━━━ Material supplied
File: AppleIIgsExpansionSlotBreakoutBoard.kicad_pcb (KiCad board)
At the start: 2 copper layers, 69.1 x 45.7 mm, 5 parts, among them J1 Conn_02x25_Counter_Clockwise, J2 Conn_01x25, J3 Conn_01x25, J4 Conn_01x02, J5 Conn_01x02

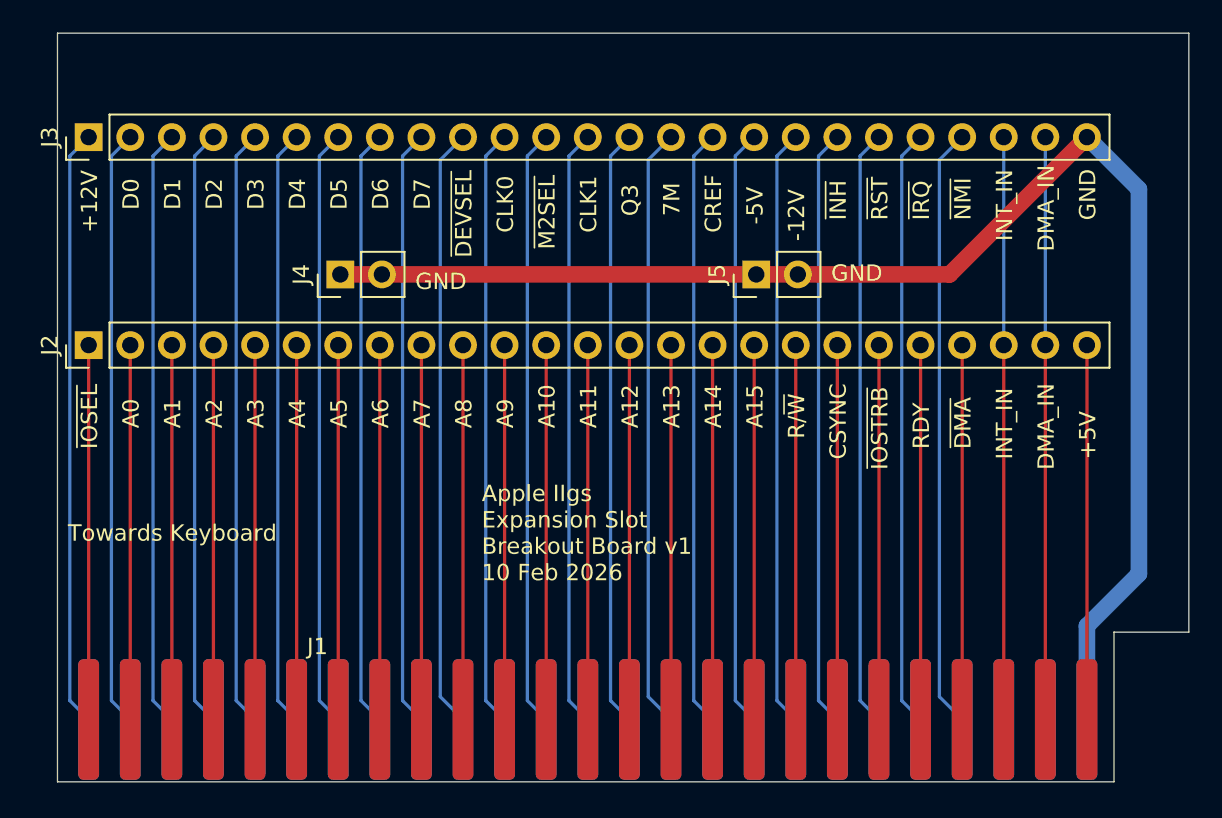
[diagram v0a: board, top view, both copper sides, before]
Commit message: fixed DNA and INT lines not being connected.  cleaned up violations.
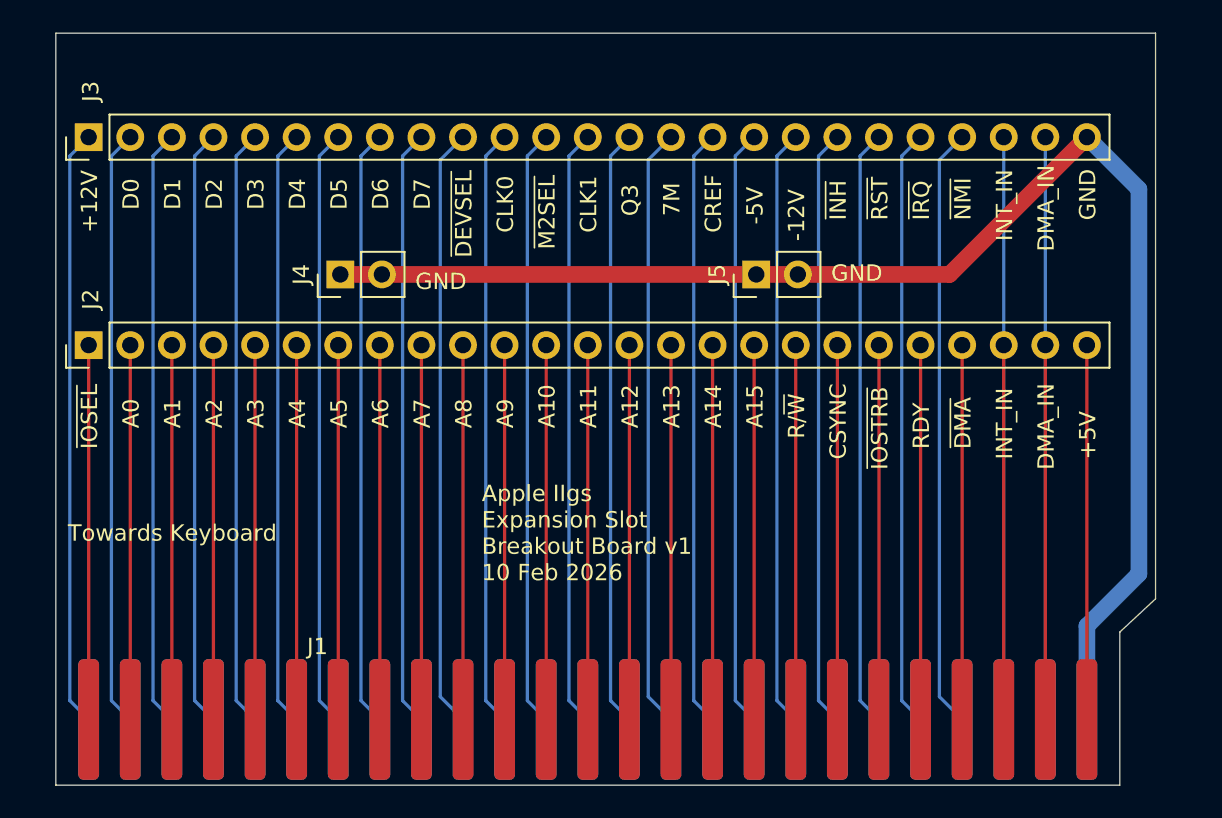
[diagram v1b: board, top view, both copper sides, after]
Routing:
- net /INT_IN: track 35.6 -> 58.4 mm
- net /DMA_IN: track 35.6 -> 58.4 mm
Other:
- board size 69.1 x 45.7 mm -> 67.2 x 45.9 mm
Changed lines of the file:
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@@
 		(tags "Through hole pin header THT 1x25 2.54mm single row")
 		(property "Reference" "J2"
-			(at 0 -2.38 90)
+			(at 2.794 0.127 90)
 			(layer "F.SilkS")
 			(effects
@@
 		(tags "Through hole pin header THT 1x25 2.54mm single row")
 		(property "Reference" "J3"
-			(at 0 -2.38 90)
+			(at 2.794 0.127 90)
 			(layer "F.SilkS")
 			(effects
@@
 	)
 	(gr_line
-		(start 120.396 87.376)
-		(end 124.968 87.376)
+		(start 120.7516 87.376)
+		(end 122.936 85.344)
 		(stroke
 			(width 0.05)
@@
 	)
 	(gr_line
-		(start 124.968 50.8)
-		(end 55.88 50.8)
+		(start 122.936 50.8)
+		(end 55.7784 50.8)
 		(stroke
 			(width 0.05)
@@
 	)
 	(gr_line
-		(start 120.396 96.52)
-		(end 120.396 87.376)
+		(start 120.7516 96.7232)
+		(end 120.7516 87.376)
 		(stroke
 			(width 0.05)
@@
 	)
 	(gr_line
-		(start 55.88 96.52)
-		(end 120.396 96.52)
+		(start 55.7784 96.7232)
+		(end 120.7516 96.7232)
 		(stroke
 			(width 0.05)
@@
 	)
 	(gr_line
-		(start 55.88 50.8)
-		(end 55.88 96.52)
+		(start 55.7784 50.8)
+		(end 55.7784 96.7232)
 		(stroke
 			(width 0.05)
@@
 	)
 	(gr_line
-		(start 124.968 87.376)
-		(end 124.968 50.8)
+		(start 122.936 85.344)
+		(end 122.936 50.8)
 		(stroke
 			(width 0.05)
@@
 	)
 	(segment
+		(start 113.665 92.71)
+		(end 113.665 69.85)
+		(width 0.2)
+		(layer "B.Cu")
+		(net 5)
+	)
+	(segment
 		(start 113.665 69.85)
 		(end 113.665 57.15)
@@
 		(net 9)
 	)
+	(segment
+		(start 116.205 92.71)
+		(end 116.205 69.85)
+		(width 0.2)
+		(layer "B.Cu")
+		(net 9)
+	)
━━━━━━
◆ To do
Give back the entries above exactly as they stand. Leave the images out.

◆ Exercise response
File: AppleIIgsExpansionSlotBreakoutBoard.kicad_pcb (KiCad board)
At the start: 2 copper layers, 69.1 x 45.7 mm, 5 parts, among them J1 Conn_02x25_Counter_Clockwise, J2 Conn_01x25, J3 Conn_01x25, J4 Conn_01x02, J5 Conn_01x02

[diagram v0a: board, top view, both copper sides, before]
Commit message: fixed DNA and INT lines not being connected.  cleaned up violations.
[diagram v1b: board, top view, both copper sides, after]
Routing:
- net /INT_IN: track 35.6 -> 58.4 mm
- net /DMA_IN: track 35.6 -> 58.4 mm
Other:
- board size 69.1 x 45.7 mm -> 67.2 x 45.9 mm
Changed lines of the file:
@@
 		(tags "Through hole pin header THT 1x25 2.54mm single row")
 		(property "Reference" "J2"
-			(at 0 -2.38 90)
+			(at 2.794 0.127 90)
 			(layer "F.SilkS")
 			(effects
@@
 		(tags "Through hole pin header THT 1x25 2.54mm single row")
 		(property "Reference" "J3"
-			(at 0 -2.38 90)
+			(at 2.794 0.127 90)
 			(layer "F.SilkS")
 			(effects
@@
 	)
 	(gr_line
-		(start 120.396 87.376)
-		(end 124.968 87.376)
+		(start 120.7516 87.376)
+		(end 122.936 85.344)
 		(stroke
 			(width 0.05)
@@
 	)
 	(gr_line
-		(start 124.968 50.8)
-		(end 55.88 50.8)
+		(start 122.936 50.8)
+		(end 55.7784 50.8)
 		(stroke
 			(width 0.05)
@@
 	)
 	(gr_line
-		(start 120.396 96.52)
-		(end 120.396 87.376)
+		(start 120.7516 96.7232)
+		(end 120.7516 87.376)
 		(stroke
 			(width 0.05)
@@
 	)
 	(gr_line
-		(start 55.88 96.52)
-		(end 120.396 96.52)
+		(start 55.7784 96.7232)
+		(end 120.7516 96.7232)
 		(stroke
 			(width 0.05)
@@
 	)
 	(gr_line
-		(start 55.88 50.8)
-		(end 55.88 96.52)
+		(start 55.7784 50.8)
+		(end 55.7784 96.7232)
 		(stroke
 			(width 0.05)
@@
 	)
 	(gr_line
-		(start 124.968 87.376)
-		(end 124.968 50.8)
+		(start 122.936 85.344)
+		(end 122.936 50.8)
 		(stroke
 			(width 0.05)
@@
 	)
 	(segment
+		(start 113.665 92.71)
+		(end 113.665 69.85)
+		(width 0.2)
+		(layer "B.Cu")
+		(net 5)
+	)
+	(segment
 		(start 113.665 69.85)
 		(end 113.665 57.15)
@@
 		(net 9)
 	)
+	(segment
+		(start 116.205 92.71)
+		(end 116.205 69.85)
+		(width 0.2)
+		(layer "B.Cu")
+		(net 9)
+	)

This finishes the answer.